(97h) Training All Chemical Engineers in Computing and Data Science

Dowling, A., University of Notre Dame
In this contribution, I will discuss ongoing efforts to retool the sophomore-level “Numerical and Statistical Analysis” course (required) to provide a scaffolding for all students to develop core competencies in computing, applied statistics, and mathematical modeling throughout their undergraduate experience and profession careers. Beginning in Spring 2019, we are transitioning from MATLAB to Python for several reasons including consistency with “Chemical Process Control” (junior, required) and college-wide electives in data science and statistical computing that already use Python. I will also share experiences using Jupyter notebooks and cloud-based computing platforms such as Colaboratory to incorporate active learning into lectures and tutorials and to remove technical barriers for students. Content and assignments have been reorganized to emphasize mastery of foundational skills in preference over content breadth. For example, students are now required to submit hand-written pseudocode for all assignments to reinforce essential programming habits. We now emphasize statistical reasoning over more procedural approaches to data analysis, which required adding lectures on probability theory, a new topic for most students.
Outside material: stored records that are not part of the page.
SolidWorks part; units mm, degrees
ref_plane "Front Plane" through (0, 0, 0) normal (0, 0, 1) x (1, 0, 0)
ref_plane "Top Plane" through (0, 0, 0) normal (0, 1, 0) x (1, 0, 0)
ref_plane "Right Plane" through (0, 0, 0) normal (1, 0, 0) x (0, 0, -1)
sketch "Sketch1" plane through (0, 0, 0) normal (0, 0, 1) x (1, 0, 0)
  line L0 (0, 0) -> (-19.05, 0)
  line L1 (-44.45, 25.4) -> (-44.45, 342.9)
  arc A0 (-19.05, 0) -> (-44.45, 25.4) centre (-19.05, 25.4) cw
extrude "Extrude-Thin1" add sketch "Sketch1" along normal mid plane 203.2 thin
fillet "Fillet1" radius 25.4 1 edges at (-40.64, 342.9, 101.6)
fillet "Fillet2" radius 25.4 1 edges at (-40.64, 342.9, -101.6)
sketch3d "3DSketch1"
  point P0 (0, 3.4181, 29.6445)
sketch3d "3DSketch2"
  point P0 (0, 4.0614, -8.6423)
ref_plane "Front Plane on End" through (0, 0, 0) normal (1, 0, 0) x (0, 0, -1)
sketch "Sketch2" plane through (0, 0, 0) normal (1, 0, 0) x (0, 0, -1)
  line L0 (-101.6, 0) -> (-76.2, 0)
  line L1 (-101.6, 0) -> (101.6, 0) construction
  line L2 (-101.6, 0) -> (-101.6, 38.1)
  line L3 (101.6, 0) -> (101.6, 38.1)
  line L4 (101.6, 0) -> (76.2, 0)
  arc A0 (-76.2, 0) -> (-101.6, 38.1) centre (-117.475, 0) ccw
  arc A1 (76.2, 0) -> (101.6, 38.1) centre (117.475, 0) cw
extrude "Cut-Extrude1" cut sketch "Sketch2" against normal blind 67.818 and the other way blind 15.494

In ten optional “extension assignments”, students watch/listen to recent TED talks, podcasts, etc. focused on statistics, big data, and computing to build a broad appreciation for concepts introduced in the course. (As an incentive, students earn a homework “drop” by completing these assignments.) By developing fundamental skills, we seek to better position students to continue learning about numerical methods, data analysis, or scientific computing, either through technical electives at Notre Dame or other means as practicing professionals.

As part of the retooling process, lectures are being organized into 5 to 15-minute segments (instruction, activities, etc.) and will be recorded in front of a live classroom in Fall 2019. These 75-minute lecture recording will then be processed into short videos to flip the classroom starting in Spring 2020, thus allowing the two weekly 75-minute meetings to become structured problem-solving sessions.